▶ [AIM OF THE TASK]: Since the pictures are not wanted, copy only the text of every record exactly.

(RECORDS FOR PROCESSING Opens)

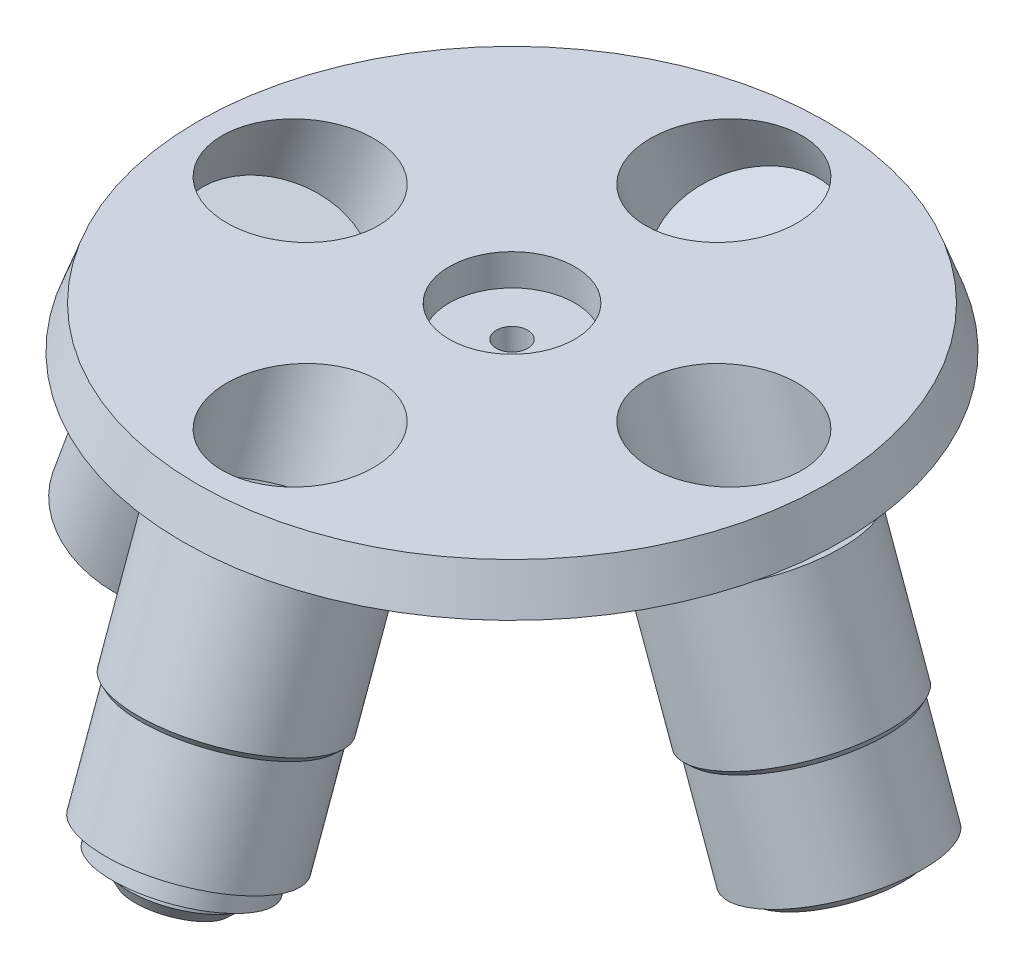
ISO-10303-21;
HEADER;
FILE_DESCRIPTION(('STEP AP214'),'2;1');
FILE_NAME('part.step','',(''),(''),'','','');
FILE_SCHEMA(('AUTOMOTIVE_DESIGN { 1 0 10303 214 1 1 1 1 }'));
ENDSEC;
DATA;
#1=APPLICATION_CONTEXT('core data for automotive mechanical design processes');
#2=APPLICATION_PROTOCOL_DEFINITION('international standard','automotive_design',2000,#1);
#3=PRODUCT_CONTEXT('',#1,'mechanical');
#4=PRODUCT('Part','Part','',(#3));
#5=PRODUCT_RELATED_PRODUCT_CATEGORY('part','',(#4));
#6=PRODUCT_DEFINITION_FORMATION('','',#4);
#7=PRODUCT_DEFINITION_CONTEXT('part definition',#1,'design');
#8=PRODUCT_DEFINITION('design','',#6,#7);
#9=PRODUCT_DEFINITION_SHAPE('','',#8);
#10=(LENGTH_UNIT() NAMED_UNIT(*) SI_UNIT(.MILLI.,.METRE.));
#11=(NAMED_UNIT(*) PLANE_ANGLE_UNIT() SI_UNIT($,.RADIAN.));
#12=(NAMED_UNIT(*) SI_UNIT($,.STERADIAN.) SOLID_ANGLE_UNIT());
#13=UNCERTAINTY_MEASURE_WITH_UNIT(LENGTH_MEASURE(1.E-05),#10,'distance_accuracy_value','');
#14=(GEOMETRIC_REPRESENTATION_CONTEXT(3) GLOBAL_UNCERTAINTY_ASSIGNED_CONTEXT((#13)) GLOBAL_UNIT_ASSIGNED_CONTEXT((#10,
#11,#12)) REPRESENTATION_CONTEXT('',''));
#15=CARTESIAN_POINT('',(0.,0.,0.));
#16=DIRECTION('',(0.,0.,1.));
#17=DIRECTION('',(1.,0.,0.));
#18=AXIS2_PLACEMENT_3D('',#15,#16,#17);
#19=CARTESIAN_POINT('',(31.1929453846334,-30.1496294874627,0.));
#20=DIRECTION('',(0.342020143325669,-0.939692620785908,0.));
#21=DIRECTION('',(0.939692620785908,0.342020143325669,0.));
#22=AXIS2_PLACEMENT_3D('',#19,#20,#21);
#23=PLANE('',#22);
#24=CARTESIAN_POINT('',(31.1929453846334,-30.1496294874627,0.));
#25=DIRECTION('',(0.342020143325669,-0.939692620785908,0.));
#26=DIRECTION('',(0.939692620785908,0.342020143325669,0.));
#27=AXIS2_PLACEMENT_3D('',#24,#25,#26);
#28=CIRCLE('',#27,8.5);
#29=CARTESIAN_POINT('',(39.1803326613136,-27.2424582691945,0.));
#30=VERTEX_POINT('',#29);
#31=EDGE_CURVE('E65',#30,#30,#28,.T.);
#32=ORIENTED_EDGE('',*,*,#31,.T.);
#33=EDGE_LOOP('',(#32));
#34=FACE_BOUND('',#33,.T.);
#35=CARTESIAN_POINT('',(31.1929453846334,-30.1496294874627,0.281028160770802));
#36=DIRECTION('',(0.342020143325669,-0.939692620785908,0.));
#37=DIRECTION('',(0.939692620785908,0.342020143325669,0.));
#38=AXIS2_PLACEMENT_3D('',#35,#36,#37);
#39=CIRCLE('',#38,7.5);
#40=CARTESIAN_POINT('',(38.2406400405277,-27.5844784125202,0.281028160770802));
#41=VERTEX_POINT('',#40);
#42=EDGE_CURVE('E315',#41,#41,#39,.T.);
#43=ORIENTED_EDGE('',*,*,#42,.F.);
#44=EDGE_LOOP('',(#43));
#45=FACE_BOUND('',#44,.T.);
#46=ADVANCED_FACE('F26',(#34,#45),#23,.T.);
#47=CARTESIAN_POINT('',(0.,-31.0893221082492,31.5349655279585));
#48=DIRECTION('',(0.,-0.939692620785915,0.342020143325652));
#49=DIRECTION('',(0.,-0.342020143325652,-0.939692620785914));
#50=AXIS2_PLACEMENT_3D('',#47,#48,#49);
#51=PLANE('',#50);
#52=CARTESIAN_POINT('',(0.,-31.0893221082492,31.5349655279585));
#53=DIRECTION('',(0.,-0.939692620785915,0.342020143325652));
#54=DIRECTION('',(0.,-0.342020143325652,-0.939692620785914));
#55=AXIS2_PLACEMENT_3D('',#52,#53,#54);
#56=CIRCLE('',#55,7.);
#57=CARTESIAN_POINT('',(0.,-33.4834631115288,24.9571171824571));
#58=VERTEX_POINT('',#57);
#59=EDGE_CURVE('E340',#58,#58,#56,.T.);
#60=ORIENTED_EDGE('',*,*,#59,.T.);
#61=EDGE_LOOP('',(#60));
#62=FACE_BOUND('',#61,.T.);
#63=CARTESIAN_POINT('',(0.,-31.0893221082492,31.5349655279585));
#64=DIRECTION('',(0.,-0.939692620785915,0.342020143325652));
#65=DIRECTION('',(0.,-0.342020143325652,-0.939692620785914));
#66=AXIS2_PLACEMENT_3D('',#63,#64,#65);
#67=CIRCLE('',#66,5.);
#68=CARTESIAN_POINT('',(0.,-32.7994228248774,26.8365024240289));
#69=VERTEX_POINT('',#68);
#70=EDGE_CURVE('E334',#69,#69,#67,.T.);
#71=ORIENTED_EDGE('',*,*,#70,.F.);
#72=EDGE_LOOP('',(#71));
#73=FACE_BOUND('',#72,.T.);
#74=ADVANCED_FACE('F138',(#62,#73),#51,.T.);
#75=CARTESIAN_POINT('',(0.,-29.2099368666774,30.8509252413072));
#76=DIRECTION('',(0.,-0.939692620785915,0.342020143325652));
#77=DIRECTION('',(0.,-0.342020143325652,-0.939692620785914));
#78=AXIS2_PLACEMENT_3D('',#75,#76,#77);
#79=PLANE('',#78);
#80=CARTESIAN_POINT('',(0.,-29.2099368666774,30.8509252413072));
#81=DIRECTION('',(0.,-0.939692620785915,0.342020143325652));
#82=DIRECTION('',(0.,-0.342020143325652,-0.939692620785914));
#83=AXIS2_PLACEMENT_3D('',#80,#81,#82);
#84=CIRCLE('',#83,8.5);
#85=CARTESIAN_POINT('',(0.,-32.1171080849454,22.8635379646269));
#86=VERTEX_POINT('',#85);
#87=EDGE_CURVE('E216',#86,#86,#84,.T.);
#88=ORIENTED_EDGE('',*,*,#87,.T.);
#89=EDGE_LOOP('',(#88));
#90=FACE_BOUND('',#89,.T.);
#91=CARTESIAN_POINT('',(0.,-29.2099368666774,30.8509252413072));
#92=DIRECTION('',(0.,-0.939692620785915,0.342020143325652));
#93=DIRECTION('',(0.,-0.342020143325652,-0.939692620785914));
#94=AXIS2_PLACEMENT_3D('',#91,#92,#93);
#95=CIRCLE('',#94,7.);
#96=CARTESIAN_POINT('',(0.,-31.6040778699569,24.2730768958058));
#97=VERTEX_POINT('',#96);
#98=EDGE_CURVE('E337',#97,#97,#95,.T.);
#99=ORIENTED_EDGE('',*,*,#98,.F.);
#100=EDGE_LOOP('',(#99));
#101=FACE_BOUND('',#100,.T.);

(RECORDS FOR PROCESSING Closes)

▶ [TASK RESPONSE]:
ISO-10303-21;
HEADER;
FILE_DESCRIPTION(('STEP AP214'),'2;1');
FILE_NAME('part.step','',(''),(''),'','','');
FILE_SCHEMA(('AUTOMOTIVE_DESIGN { 1 0 10303 214 1 1 1 1 }'));
ENDSEC;
DATA;
#1=APPLICATION_CONTEXT('core data for automotive mechanical design processes');
#2=APPLICATION_PROTOCOL_DEFINITION('international standard','automotive_design',2000,#1);
#3=PRODUCT_CONTEXT('',#1,'mechanical');
#4=PRODUCT('Part','Part','',(#3));
#5=PRODUCT_RELATED_PRODUCT_CATEGORY('part','',(#4));
#6=PRODUCT_DEFINITION_FORMATION('','',#4);
#7=PRODUCT_DEFINITION_CONTEXT('part definition',#1,'design');
#8=PRODUCT_DEFINITION('design','',#6,#7);
#9=PRODUCT_DEFINITION_SHAPE('','',#8);
#10=(LENGTH_UNIT() NAMED_UNIT(*) SI_UNIT(.MILLI.,.METRE.));
#11=(NAMED_UNIT(*) PLANE_ANGLE_UNIT() SI_UNIT($,.RADIAN.));
#12=(NAMED_UNIT(*) SI_UNIT($,.STERADIAN.) SOLID_ANGLE_UNIT());
#13=UNCERTAINTY_MEASURE_WITH_UNIT(LENGTH_MEASURE(1.E-05),#10,'distance_accuracy_value','');
#14=(GEOMETRIC_REPRESENTATION_CONTEXT(3) GLOBAL_UNCERTAINTY_ASSIGNED_CONTEXT((#13)) GLOBAL_UNIT_ASSIGNED_CONTEXT((#10,
#11,#12)) REPRESENTATION_CONTEXT('',''));
#15=CARTESIAN_POINT('',(0.,0.,0.));
#16=DIRECTION('',(0.,0.,1.));
#17=DIRECTION('',(1.,0.,0.));
#18=AXIS2_PLACEMENT_3D('',#15,#16,#17);
#19=CARTESIAN_POINT('',(31.1929453846334,-30.1496294874627,0.));
#20=DIRECTION('',(0.342020143325669,-0.939692620785908,0.));
#21=DIRECTION('',(0.939692620785908,0.342020143325669,0.));
#22=AXIS2_PLACEMENT_3D('',#19,#20,#21);
#23=PLANE('',#22);
#24=CARTESIAN_POINT('',(31.1929453846334,-30.1496294874627,0.));
#25=DIRECTION('',(0.342020143325669,-0.939692620785908,0.));
#26=DIRECTION('',(0.939692620785908,0.342020143325669,0.));
#27=AXIS2_PLACEMENT_3D('',#24,#25,#26);
#28=CIRCLE('',#27,8.5);
#29=CARTESIAN_POINT('',(39.1803326613136,-27.2424582691945,0.));
#30=VERTEX_POINT('',#29);
#31=EDGE_CURVE('E65',#30,#30,#28,.T.);
#32=ORIENTED_EDGE('',*,*,#31,.T.);
#33=EDGE_LOOP('',(#32));
#34=FACE_BOUND('',#33,.T.);
#35=CARTESIAN_POINT('',(31.1929453846334,-30.1496294874627,0.281028160770802));
#36=DIRECTION('',(0.342020143325669,-0.939692620785908,0.));
#37=DIRECTION('',(0.939692620785908,0.342020143325669,0.));
#38=AXIS2_PLACEMENT_3D('',#35,#36,#37);
#39=CIRCLE('',#38,7.5);
#40=CARTESIAN_POINT('',(38.2406400405277,-27.5844784125202,0.281028160770802));
#41=VERTEX_POINT('',#40);
#42=EDGE_CURVE('E315',#41,#41,#39,.T.);
#43=ORIENTED_EDGE('',*,*,#42,.F.);
#44=EDGE_LOOP('',(#43));
#45=FACE_BOUND('',#44,.T.);
#46=ADVANCED_FACE('F26',(#34,#45),#23,.T.);
#47=CARTESIAN_POINT('',(0.,-31.0893221082492,31.5349655279585));
#48=DIRECTION('',(0.,-0.939692620785915,0.342020143325652));
#49=DIRECTION('',(0.,-0.342020143325652,-0.939692620785914));
#50=AXIS2_PLACEMENT_3D('',#47,#48,#49);
#51=PLANE('',#50);
#52=CARTESIAN_POINT('',(0.,-31.0893221082492,31.5349655279585));
#53=DIRECTION('',(0.,-0.939692620785915,0.342020143325652));
#54=DIRECTION('',(0.,-0.342020143325652,-0.939692620785914));
#55=AXIS2_PLACEMENT_3D('',#52,#53,#54);
#56=CIRCLE('',#55,7.);
#57=CARTESIAN_POINT('',(0.,-33.4834631115288,24.9571171824571));
#58=VERTEX_POINT('',#57);
#59=EDGE_CURVE('E340',#58,#58,#56,.T.);
#60=ORIENTED_EDGE('',*,*,#59,.T.);
#61=EDGE_LOOP('',(#60));
#62=FACE_BOUND('',#61,.T.);
#63=CARTESIAN_POINT('',(0.,-31.0893221082492,31.5349655279585));
#64=DIRECTION('',(0.,-0.939692620785915,0.342020143325652));
#65=DIRECTION('',(0.,-0.342020143325652,-0.939692620785914));
#66=AXIS2_PLACEMENT_3D('',#63,#64,#65);
#67=CIRCLE('',#66,5.);
#68=CARTESIAN_POINT('',(0.,-32.7994228248774,26.8365024240289));
#69=VERTEX_POINT('',#68);
#70=EDGE_CURVE('E334',#69,#69,#67,.T.);
#71=ORIENTED_EDGE('',*,*,#70,.F.);
#72=EDGE_LOOP('',(#71));
#73=FACE_BOUND('',#72,.T.);
#74=ADVANCED_FACE('F138',(#62,#73),#51,.T.);
#75=CARTESIAN_POINT('',(0.,-29.2099368666774,30.8509252413072));
#76=DIRECTION('',(0.,-0.939692620785915,0.342020143325652));
#77=DIRECTION('',(0.,-0.342020143325652,-0.939692620785914));
#78=AXIS2_PLACEMENT_3D('',#75,#76,#77);
#79=PLANE('',#78);
#80=CARTESIAN_POINT('',(0.,-29.2099368666774,30.8509252413072));
#81=DIRECTION('',(0.,-0.939692620785915,0.342020143325652));
#82=DIRECTION('',(0.,-0.342020143325652,-0.939692620785914));
#83=AXIS2_PLACEMENT_3D('',#80,#81,#82);
#84=CIRCLE('',#83,8.5);
#85=CARTESIAN_POINT('',(0.,-32.1171080849454,22.8635379646269));
#86=VERTEX_POINT('',#85);
#87=EDGE_CURVE('E216',#86,#86,#84,.T.);
#88=ORIENTED_EDGE('',*,*,#87,.T.);
#89=EDGE_LOOP('',(#88));
#90=FACE_BOUND('',#89,.T.);
#91=CARTESIAN_POINT('',(0.,-29.2099368666774,30.8509252413072));
#92=DIRECTION('',(0.,-0.939692620785915,0.342020143325652));
#93=DIRECTION('',(0.,-0.342020143325652,-0.939692620785914));
#94=AXIS2_PLACEMENT_3D('',#91,#92,#93);
#95=CIRCLE('',#94,7.);
#96=CARTESIAN_POINT('',(0.,-31.6040778699569,24.2730768958058));
#97=VERTEX_POINT('',#96);
#98=EDGE_CURVE('E337',#97,#97,#95,.T.);
#99=ORIENTED_EDGE('',*,*,#98,.F.);
#100=EDGE_LOOP('',(#99));
#101=FACE_BOUND('',#100,.T.);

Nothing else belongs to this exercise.